§ **Exercise directions**
Nothing but the lines from the one containing "#61=CARTESIAN_POINT('',(-30.2939246678071,0.,13.0873270082637));" through the one containing "#76=DIRECTION('',(-0.487647197837817,0.,-0.873040783950512));", both included, should be given again, each exactly as written below.

*** Opening of Material provided ***

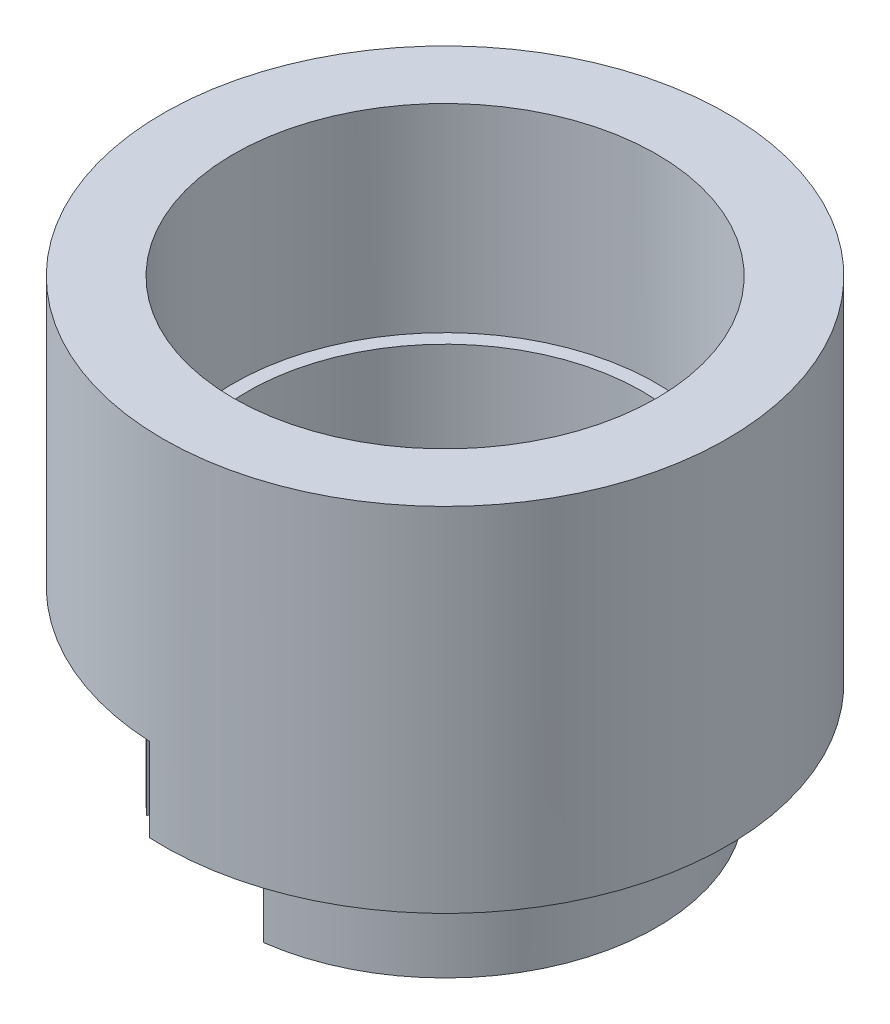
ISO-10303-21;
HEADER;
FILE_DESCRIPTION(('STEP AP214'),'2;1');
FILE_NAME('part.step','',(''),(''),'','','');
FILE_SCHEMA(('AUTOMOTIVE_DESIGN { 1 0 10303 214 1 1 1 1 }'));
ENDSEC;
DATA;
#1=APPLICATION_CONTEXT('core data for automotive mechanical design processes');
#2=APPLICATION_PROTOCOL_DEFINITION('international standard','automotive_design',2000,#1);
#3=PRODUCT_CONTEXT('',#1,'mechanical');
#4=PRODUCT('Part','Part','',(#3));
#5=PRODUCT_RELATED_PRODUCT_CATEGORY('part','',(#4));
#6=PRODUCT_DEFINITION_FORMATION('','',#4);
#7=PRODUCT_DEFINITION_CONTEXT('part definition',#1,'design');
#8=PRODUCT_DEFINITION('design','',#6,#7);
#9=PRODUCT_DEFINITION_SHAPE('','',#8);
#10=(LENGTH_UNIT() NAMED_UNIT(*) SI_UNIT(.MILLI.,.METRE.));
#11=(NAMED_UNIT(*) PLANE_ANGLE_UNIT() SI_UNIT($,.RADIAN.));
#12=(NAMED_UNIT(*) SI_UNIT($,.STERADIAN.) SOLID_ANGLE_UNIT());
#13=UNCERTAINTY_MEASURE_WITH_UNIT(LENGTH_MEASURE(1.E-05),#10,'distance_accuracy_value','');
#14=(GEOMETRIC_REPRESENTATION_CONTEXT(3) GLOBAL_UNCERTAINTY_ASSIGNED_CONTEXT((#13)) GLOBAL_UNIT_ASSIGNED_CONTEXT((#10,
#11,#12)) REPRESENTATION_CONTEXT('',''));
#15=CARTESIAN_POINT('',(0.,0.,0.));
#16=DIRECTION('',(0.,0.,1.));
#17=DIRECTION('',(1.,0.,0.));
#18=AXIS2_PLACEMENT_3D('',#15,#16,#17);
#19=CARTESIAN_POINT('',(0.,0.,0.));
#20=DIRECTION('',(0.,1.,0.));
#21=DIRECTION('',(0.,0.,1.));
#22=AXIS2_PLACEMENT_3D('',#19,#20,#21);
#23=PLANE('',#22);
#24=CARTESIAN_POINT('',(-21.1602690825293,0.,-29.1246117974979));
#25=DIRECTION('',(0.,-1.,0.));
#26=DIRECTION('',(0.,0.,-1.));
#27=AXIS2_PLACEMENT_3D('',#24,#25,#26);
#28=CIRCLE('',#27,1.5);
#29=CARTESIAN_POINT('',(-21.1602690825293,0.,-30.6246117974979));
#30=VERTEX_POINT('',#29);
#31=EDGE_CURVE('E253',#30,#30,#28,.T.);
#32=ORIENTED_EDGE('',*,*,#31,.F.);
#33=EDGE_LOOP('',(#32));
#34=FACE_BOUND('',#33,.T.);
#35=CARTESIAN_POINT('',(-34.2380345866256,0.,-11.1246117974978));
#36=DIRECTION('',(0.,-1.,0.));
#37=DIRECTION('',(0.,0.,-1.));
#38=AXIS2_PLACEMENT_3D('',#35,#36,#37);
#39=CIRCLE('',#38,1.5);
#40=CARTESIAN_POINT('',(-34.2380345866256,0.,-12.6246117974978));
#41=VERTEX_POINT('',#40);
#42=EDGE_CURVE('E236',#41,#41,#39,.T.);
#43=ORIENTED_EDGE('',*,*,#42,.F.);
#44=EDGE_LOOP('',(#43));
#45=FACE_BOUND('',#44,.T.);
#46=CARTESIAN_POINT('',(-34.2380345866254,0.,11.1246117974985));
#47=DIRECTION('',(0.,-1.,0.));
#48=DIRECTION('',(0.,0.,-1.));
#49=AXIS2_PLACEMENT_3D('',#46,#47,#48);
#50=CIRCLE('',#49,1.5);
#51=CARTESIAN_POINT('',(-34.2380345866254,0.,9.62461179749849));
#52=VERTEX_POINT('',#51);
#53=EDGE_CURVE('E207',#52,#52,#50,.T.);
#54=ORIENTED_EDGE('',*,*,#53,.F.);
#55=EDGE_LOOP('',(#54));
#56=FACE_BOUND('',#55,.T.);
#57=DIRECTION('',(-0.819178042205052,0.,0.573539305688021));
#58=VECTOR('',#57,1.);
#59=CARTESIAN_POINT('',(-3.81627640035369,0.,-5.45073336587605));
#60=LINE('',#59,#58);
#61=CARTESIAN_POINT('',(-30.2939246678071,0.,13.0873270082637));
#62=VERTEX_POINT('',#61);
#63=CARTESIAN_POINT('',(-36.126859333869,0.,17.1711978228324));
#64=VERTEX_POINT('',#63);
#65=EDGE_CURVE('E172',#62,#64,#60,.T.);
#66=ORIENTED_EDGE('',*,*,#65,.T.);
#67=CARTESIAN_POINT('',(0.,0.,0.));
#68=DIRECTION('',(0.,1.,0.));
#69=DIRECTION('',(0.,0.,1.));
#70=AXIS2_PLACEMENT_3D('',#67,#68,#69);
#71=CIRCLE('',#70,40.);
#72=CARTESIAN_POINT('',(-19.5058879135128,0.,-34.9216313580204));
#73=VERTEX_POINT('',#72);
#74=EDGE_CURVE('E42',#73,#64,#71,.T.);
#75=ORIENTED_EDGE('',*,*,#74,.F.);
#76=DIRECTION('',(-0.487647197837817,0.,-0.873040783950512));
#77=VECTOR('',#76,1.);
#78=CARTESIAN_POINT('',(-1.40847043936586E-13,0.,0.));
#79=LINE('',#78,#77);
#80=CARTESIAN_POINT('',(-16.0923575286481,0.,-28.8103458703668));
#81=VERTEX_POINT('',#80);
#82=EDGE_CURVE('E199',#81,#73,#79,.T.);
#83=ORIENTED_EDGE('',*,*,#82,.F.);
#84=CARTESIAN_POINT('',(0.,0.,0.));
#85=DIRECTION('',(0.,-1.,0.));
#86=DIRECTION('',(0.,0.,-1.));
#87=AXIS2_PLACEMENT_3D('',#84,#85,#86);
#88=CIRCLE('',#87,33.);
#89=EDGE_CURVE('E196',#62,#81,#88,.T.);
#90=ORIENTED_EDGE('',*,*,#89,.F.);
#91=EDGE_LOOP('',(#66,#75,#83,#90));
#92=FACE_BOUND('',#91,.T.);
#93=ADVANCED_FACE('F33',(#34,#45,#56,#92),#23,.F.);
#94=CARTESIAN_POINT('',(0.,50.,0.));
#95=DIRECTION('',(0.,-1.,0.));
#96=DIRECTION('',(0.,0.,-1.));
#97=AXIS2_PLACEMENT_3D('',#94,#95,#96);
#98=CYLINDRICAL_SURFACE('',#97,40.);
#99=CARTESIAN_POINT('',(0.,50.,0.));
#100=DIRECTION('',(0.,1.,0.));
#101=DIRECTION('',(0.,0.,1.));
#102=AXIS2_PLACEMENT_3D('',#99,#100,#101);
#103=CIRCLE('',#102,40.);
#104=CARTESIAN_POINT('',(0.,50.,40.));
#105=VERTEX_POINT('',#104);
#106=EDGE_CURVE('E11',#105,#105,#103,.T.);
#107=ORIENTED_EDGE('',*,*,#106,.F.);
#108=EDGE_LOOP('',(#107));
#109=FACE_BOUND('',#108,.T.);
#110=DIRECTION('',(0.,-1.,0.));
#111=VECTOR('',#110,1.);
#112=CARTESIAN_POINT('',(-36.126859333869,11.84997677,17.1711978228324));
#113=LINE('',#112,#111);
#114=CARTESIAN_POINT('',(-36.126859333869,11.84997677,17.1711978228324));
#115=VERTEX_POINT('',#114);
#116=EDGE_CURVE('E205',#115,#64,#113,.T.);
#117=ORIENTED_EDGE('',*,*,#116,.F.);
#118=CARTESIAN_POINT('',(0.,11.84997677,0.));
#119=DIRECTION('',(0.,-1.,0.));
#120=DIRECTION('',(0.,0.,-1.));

*** Close of Material provided ***

§ **Response area**
#61=CARTESIAN_POINT('',(-30.2939246678071,0.,13.0873270082637));
#62=VERTEX_POINT('',#61);
#63=CARTESIAN_POINT('',(-36.126859333869,0.,17.1711978228324));
#64=VERTEX_POINT('',#63);
#65=EDGE_CURVE('E172',#62,#64,#60,.T.);
#66=ORIENTED_EDGE('',*,*,#65,.T.);
#67=CARTESIAN_POINT('',(0.,0.,0.));
#68=DIRECTION('',(0.,1.,0.));
#69=DIRECTION('',(0.,0.,1.));
#70=AXIS2_PLACEMENT_3D('',#67,#68,#69);
#71=CIRCLE('',#70,40.);
#72=CARTESIAN_POINT('',(-19.5058879135128,0.,-34.9216313580204));
#73=VERTEX_POINT('',#72);
#74=EDGE_CURVE('E42',#73,#64,#71,.T.);
#75=ORIENTED_EDGE('',*,*,#74,.F.);
#76=DIRECTION('',(-0.487647197837817,0.,-0.873040783950512));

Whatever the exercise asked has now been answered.